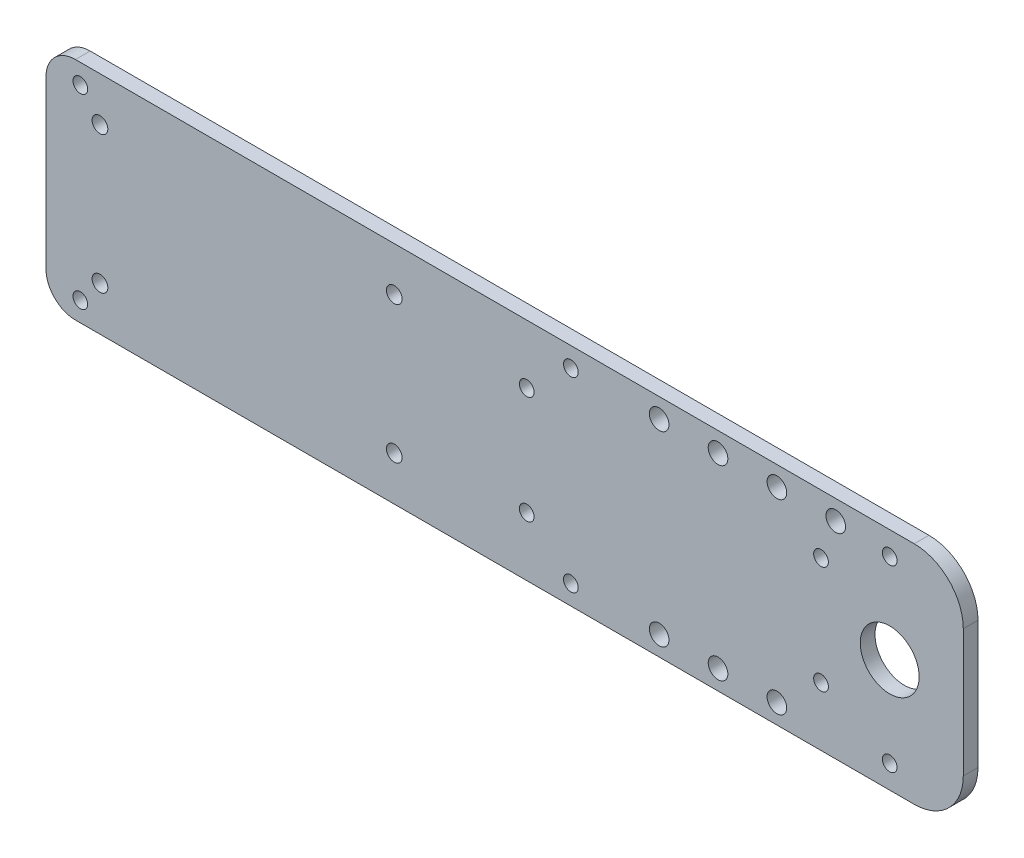
ISO-10303-21;
HEADER;
FILE_DESCRIPTION(('STEP AP214'),'2;1');
FILE_NAME('part.step','',(''),(''),'','','');
FILE_SCHEMA(('AUTOMOTIVE_DESIGN { 1 0 10303 214 1 1 1 1 }'));
ENDSEC;
DATA;
#1=APPLICATION_CONTEXT('core data for automotive mechanical design processes');
#2=APPLICATION_PROTOCOL_DEFINITION('international standard','automotive_design',2000,#1);
#3=PRODUCT_CONTEXT('',#1,'mechanical');
#4=PRODUCT('Part','Part','',(#3));
#5=PRODUCT_RELATED_PRODUCT_CATEGORY('part','',(#4));
#6=PRODUCT_DEFINITION_FORMATION('','',#4);
#7=PRODUCT_DEFINITION_CONTEXT('part definition',#1,'design');
#8=PRODUCT_DEFINITION('design','',#6,#7);
#9=PRODUCT_DEFINITION_SHAPE('','',#8);
#10=(LENGTH_UNIT() NAMED_UNIT(*) SI_UNIT(.MILLI.,.METRE.));
#11=(NAMED_UNIT(*) PLANE_ANGLE_UNIT() SI_UNIT($,.RADIAN.));
#12=(NAMED_UNIT(*) SI_UNIT($,.STERADIAN.) SOLID_ANGLE_UNIT());
#13=UNCERTAINTY_MEASURE_WITH_UNIT(LENGTH_MEASURE(1.E-05),#10,'distance_accuracy_value','');
#14=(GEOMETRIC_REPRESENTATION_CONTEXT(3) GLOBAL_UNCERTAINTY_ASSIGNED_CONTEXT((#13)) GLOBAL_UNIT_ASSIGNED_CONTEXT((#10,
#11,#12)) REPRESENTATION_CONTEXT('',''));
#15=CARTESIAN_POINT('',(0.,0.,0.));
#16=DIRECTION('',(0.,0.,1.));
#17=DIRECTION('',(1.,0.,0.));
#18=AXIS2_PLACEMENT_3D('',#15,#16,#17);
#19=CARTESIAN_POINT('',(0.,0.,3.));
#20=DIRECTION('',(0.,0.,1.));
#21=DIRECTION('',(1.,0.,0.));
#22=AXIS2_PLACEMENT_3D('',#19,#20,#21);
#23=PLANE('',#22);
#24=CARTESIAN_POINT('',(102.,11.,3.));
#25=DIRECTION('',(0.,0.,1.));
#26=DIRECTION('',(1.,0.,0.));
#27=AXIS2_PLACEMENT_3D('',#24,#25,#26);
#28=CIRCLE('',#27,1.5);
#29=CARTESIAN_POINT('',(103.5,11.,3.));
#30=VERTEX_POINT('',#29);
#31=EDGE_CURVE('E318',#30,#30,#28,.F.);
#32=ORIENTED_EDGE('',*,*,#31,.T.);
#33=EDGE_LOOP('',(#32));
#34=FACE_BOUND('',#33,.T.);
#35=CARTESIAN_POINT('',(69.,19.,3.));
#36=DIRECTION('',(0.,0.,1.));
#37=DIRECTION('',(1.,0.,0.));
#38=AXIS2_PLACEMENT_3D('',#35,#36,#37);
#39=CIRCLE('',#38,2.);
#40=CARTESIAN_POINT('',(71.,19.,3.));
#41=VERTEX_POINT('',#40);
#42=EDGE_CURVE('E330',#41,#41,#39,.T.);
#43=ORIENTED_EDGE('',*,*,#42,.F.);
#44=EDGE_LOOP('',(#43));
#45=FACE_BOUND('',#44,.T.);
#46=CARTESIAN_POINT('',(-49.,-19.,3.));
#47=DIRECTION('',(0.,0.,1.));
#48=DIRECTION('',(1.,0.,0.));
#49=AXIS2_PLACEMENT_3D('',#46,#47,#48);
#50=CIRCLE('',#49,1.5);
#51=CARTESIAN_POINT('',(-47.5,-19.,3.));
#52=VERTEX_POINT('',#51);
#53=EDGE_CURVE('E355',#52,#52,#50,.F.);
#54=ORIENTED_EDGE('',*,*,#53,.T.);
#55=EDGE_LOOP('',(#54));
#56=FACE_BOUND('',#55,.T.);
#57=CARTESIAN_POINT('',(69.,-19.,3.));
#58=DIRECTION('',(0.,0.,1.));
#59=DIRECTION('',(1.,0.,0.));
#60=AXIS2_PLACEMENT_3D('',#57,#58,#59);
#61=CIRCLE('',#60,2.);
#62=CARTESIAN_POINT('',(71.,-19.,3.));
#63=VERTEX_POINT('',#62);
#64=EDGE_CURVE('E331',#63,#63,#61,.T.);
#65=ORIENTED_EDGE('',*,*,#64,.F.);
#66=EDGE_LOOP('',(#65));
#67=FACE_BOUND('',#66,.T.);
#68=CARTESIAN_POINT('',(81.,-19.,3.));
#69=DIRECTION('',(0.,0.,1.));
#70=DIRECTION('',(1.,0.,0.));
#71=AXIS2_PLACEMENT_3D('',#68,#69,#70);
#72=CIRCLE('',#71,2.);
#73=CARTESIAN_POINT('',(83.,-19.,3.));
#74=VERTEX_POINT('',#73);
#75=EDGE_CURVE('E337',#74,#74,#72,.T.);
#76=ORIENTED_EDGE('',*,*,#75,.F.);
#77=EDGE_LOOP('',(#76));
#78=FACE_BOUND('',#77,.T.);
#79=CARTESIAN_POINT('',(81.,19.,3.));
#80=DIRECTION('',(0.,0.,1.));
#81=DIRECTION('',(1.,0.,0.));
#82=AXIS2_PLACEMENT_3D('',#79,#80,#81);
#83=CIRCLE('',#82,2.);
#84=CARTESIAN_POINT('',(83.,19.,3.));
#85=VERTEX_POINT('',#84);
#86=EDGE_CURVE('E317',#85,#85,#83,.T.);
#87=ORIENTED_EDGE('',*,*,#86,.F.);
#88=EDGE_LOOP('',(#87));
#89=FACE_BOUND('',#88,.T.);
#90=CARTESIAN_POINT('',(-49.,19.,3.));
#91=DIRECTION('',(0.,0.,1.));
#92=DIRECTION('',(1.,0.,0.));
#93=AXIS2_PLACEMENT_3D('',#90,#91,#92);
#94=CIRCLE('',#93,1.5);
#95=CARTESIAN_POINT('',(-47.5,19.,3.));
#96=VERTEX_POINT('',#95);
#97=EDGE_CURVE('E354',#96,#96,#94,.T.);
#98=ORIENTED_EDGE('',*,*,#97,.F.);
#99=EDGE_LOOP('',(#98));
#100=FACE_BOUND('',#99,.T.);
#101=DIRECTION('',(-1.,0.,0.));
#102=VECTOR('',#101,1.);
#103=CARTESIAN_POINT('',(0.,-23.,3.));
#104=LINE('',#103,#102);
#105=CARTESIAN_POINT('',(121.,-23.,3.));
#106=VERTEX_POINT('',#105);
#107=CARTESIAN_POINT('',(-50.,-23.,3.));
#108=VERTEX_POINT('',#107);
#109=EDGE_CURVE('E124',#106,#108,#104,.T.);
#110=ORIENTED_EDGE('',*,*,#109,.F.);
#111=CARTESIAN_POINT('',(121.,-13.,3.));
#112=DIRECTION('',(0.,0.,1.));
#113=DIRECTION('',(1.,0.,0.));
#114=AXIS2_PLACEMENT_3D('',#111,#112,#113);
#115=CIRCLE('',#114,10.);
#116=CARTESIAN_POINT('',(131.,-13.,3.));
#117=VERTEX_POINT('',#116);
#118=EDGE_CURVE('E151',#106,#117,#115,.T.);
#119=ORIENTED_EDGE('',*,*,#118,.T.);
#120=DIRECTION('',(0.,1.,0.));
#121=VECTOR('',#120,1.);
#122=CARTESIAN_POINT('',(131.,0.,3.));
#123=LINE('',#122,#121);
#124=CARTESIAN_POINT('',(131.,13.,3.));
#125=VERTEX_POINT('',#124);
#126=EDGE_CURVE('E165',#117,#125,#123,.T.);
#127=ORIENTED_EDGE('',*,*,#126,.T.);
#128=CARTESIAN_POINT('',(121.,13.,3.));
#129=DIRECTION('',(0.,0.,1.));
#130=DIRECTION('',(1.,0.,0.));
#131=AXIS2_PLACEMENT_3D('',#128,#129,#130);
#132=CIRCLE('',#131,10.);
#133=CARTESIAN_POINT('',(121.,23.,3.));
#134=VERTEX_POINT('',#133);
#135=EDGE_CURVE('E149',#125,#134,#132,.T.);
#136=ORIENTED_EDGE('',*,*,#135,.T.);
#137=DIRECTION('',(-1.,0.,0.));
#138=VECTOR('',#137,1.);
#139=CARTESIAN_POINT('',(0.,23.,3.));
#140=LINE('',#139,#138);
#141=CARTESIAN_POINT('',(-50.,23.,3.));
#142=VERTEX_POINT('',#141);
#143=EDGE_CURVE('E174',#134,#142,#140,.T.);
#144=ORIENTED_EDGE('',*,*,#143,.T.);
#145=CARTESIAN_POINT('',(-50.,17.,3.));
#146=DIRECTION('',(0.,0.,1.));
#147=DIRECTION('',(1.,0.,0.));
#148=AXIS2_PLACEMENT_3D('',#145,#146,#147);
#149=CIRCLE('',#148,6.);
#150=CARTESIAN_POINT('',(-56.,17.,3.));
#151=VERTEX_POINT('',#150);
#152=EDGE_CURVE('E140',#142,#151,#149,.T.);
#153=ORIENTED_EDGE('',*,*,#152,.T.);
#154=DIRECTION('',(0.,1.,0.));
#155=VECTOR('',#154,1.);
#156=CARTESIAN_POINT('',(-56.,0.,3.));
#157=LINE('',#156,#155);
#158=CARTESIAN_POINT('',(-56.,-17.,3.));
#159=VERTEX_POINT('',#158);
#160=EDGE_CURVE('E176',#159,#151,#157,.T.);
#161=ORIENTED_EDGE('',*,*,#160,.F.);
#162=CARTESIAN_POINT('',(-50.,-17.,3.));
#163=DIRECTION('',(0.,0.,1.));
#164=DIRECTION('',(1.,0.,0.));
#165=AXIS2_PLACEMENT_3D('',#162,#163,#164);
#166=CIRCLE('',#165,6.);
#167=EDGE_CURVE('E142',#159,#108,#166,.T.);
#168=ORIENTED_EDGE('',*,*,#167,.T.);
#169=EDGE_LOOP('',(#110,#119,#127,#136,#144,#153,#161,#168));
#170=FACE_BOUND('',#169,.T.);
#171=CARTESIAN_POINT('',(42.,11.,3.));
#172=DIRECTION('',(0.,0.,1.));
#173=DIRECTION('',(1.,0.,0.));
#174=AXIS2_PLACEMENT_3D('',#171,#172,#173);
#175=CIRCLE('',#174,1.50000000000001);
#176=CARTESIAN_POINT('',(43.5,11.,3.));
#177=VERTEX_POINT('',#176);
#178=EDGE_CURVE('E185',#177,#177,#175,.F.);
#179=ORIENTED_EDGE('',*,*,#178,.T.);
#180=EDGE_LOOP('',(#179));
#181=FACE_BOUND('',#180,.T.);
#182=CARTESIAN_POINT('',(15.,-14.,3.));
#183=DIRECTION('',(0.,0.,1.));
#184=DIRECTION('',(1.,0.,0.));
#185=AXIS2_PLACEMENT_3D('',#182,#183,#184);
#186=CIRCLE('',#185,1.6);
#187=CARTESIAN_POINT('',(16.6,-14.,3.));
#188=VERTEX_POINT('',#187);
#189=EDGE_CURVE('E188',#188,#188,#186,.T.);
#190=ORIENTED_EDGE('',*,*,#189,.F.);
#191=EDGE_LOOP('',(#190));
#192=FACE_BOUND('',#191,.T.);
#193=CARTESIAN_POINT('',(42.,-11.,3.));
#194=DIRECTION('',(0.,0.,1.));
#195=DIRECTION('',(1.,0.,0.));
#196=AXIS2_PLACEMENT_3D('',#193,#194,#195);
#197=CIRCLE('',#196,1.49999999999999);
#198=CARTESIAN_POINT('',(43.5,-11.,3.));
#199=VERTEX_POINT('',#198);
#200=EDGE_CURVE('E191',#199,#199,#197,.T.);
#201=ORIENTED_EDGE('',*,*,#200,.F.);
#202=EDGE_LOOP('',(#201));
#203=FACE_BOUND('',#202,.T.);
#204=CARTESIAN_POINT('',(-45.,14.,3.));
#205=DIRECTION('',(0.,0.,1.));
#206=DIRECTION('',(1.,0.,0.));
#207=AXIS2_PLACEMENT_3D('',#204,#205,#206);
#208=CIRCLE('',#207,1.6);
#209=CARTESIAN_POINT('',(-43.4,14.,3.));
#210=VERTEX_POINT('',#209);
#211=EDGE_CURVE('E194',#210,#210,#208,.T.);
#212=ORIENTED_EDGE('',*,*,#211,.F.);
#213=EDGE_LOOP('',(#212));
#214=FACE_BOUND('',#213,.T.);
#215=CARTESIAN_POINT('',(-45.,-14.,3.));
#216=DIRECTION('',(0.,0.,1.));
#217=DIRECTION('',(1.,0.,0.));
#218=AXIS2_PLACEMENT_3D('',#215,#216,#217);
#219=CIRCLE('',#218,1.6);
#220=CARTESIAN_POINT('',(-43.4,-14.,3.));
#221=VERTEX_POINT('',#220);
#222=EDGE_CURVE('E131',#221,#221,#219,.F.);
#223=ORIENTED_EDGE('',*,*,#222,.T.);
#224=EDGE_LOOP('',(#223));
#225=FACE_BOUND('',#224,.T.);
#226=CARTESIAN_POINT('',(15.,14.,3.));
#227=DIRECTION('',(0.,0.,1.));
#228=DIRECTION('',(1.,0.,0.));
#229=AXIS2_PLACEMENT_3D('',#226,#227,#228);
#230=CIRCLE('',#229,1.6);
#231=CARTESIAN_POINT('',(16.6,14.,3.));
#232=VERTEX_POINT('',#231);
#233=EDGE_CURVE('E126',#232,#232,#230,.F.);
#234=ORIENTED_EDGE('',*,*,#233,.T.);
#235=EDGE_LOOP('',(#234));
#236=FACE_BOUND('',#235,.T.);
#237=CARTESIAN_POINT('',(116.,-18.25,3.));
#238=DIRECTION('',(0.,0.,1.));
#239=DIRECTION('',(1.,0.,0.));
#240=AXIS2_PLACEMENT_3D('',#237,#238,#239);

----

### [WORK ITEM]
Tally, across the records, each line that contains the word "VECTOR", and answer with nothing except the count.

### [FINAL ANSWER]
4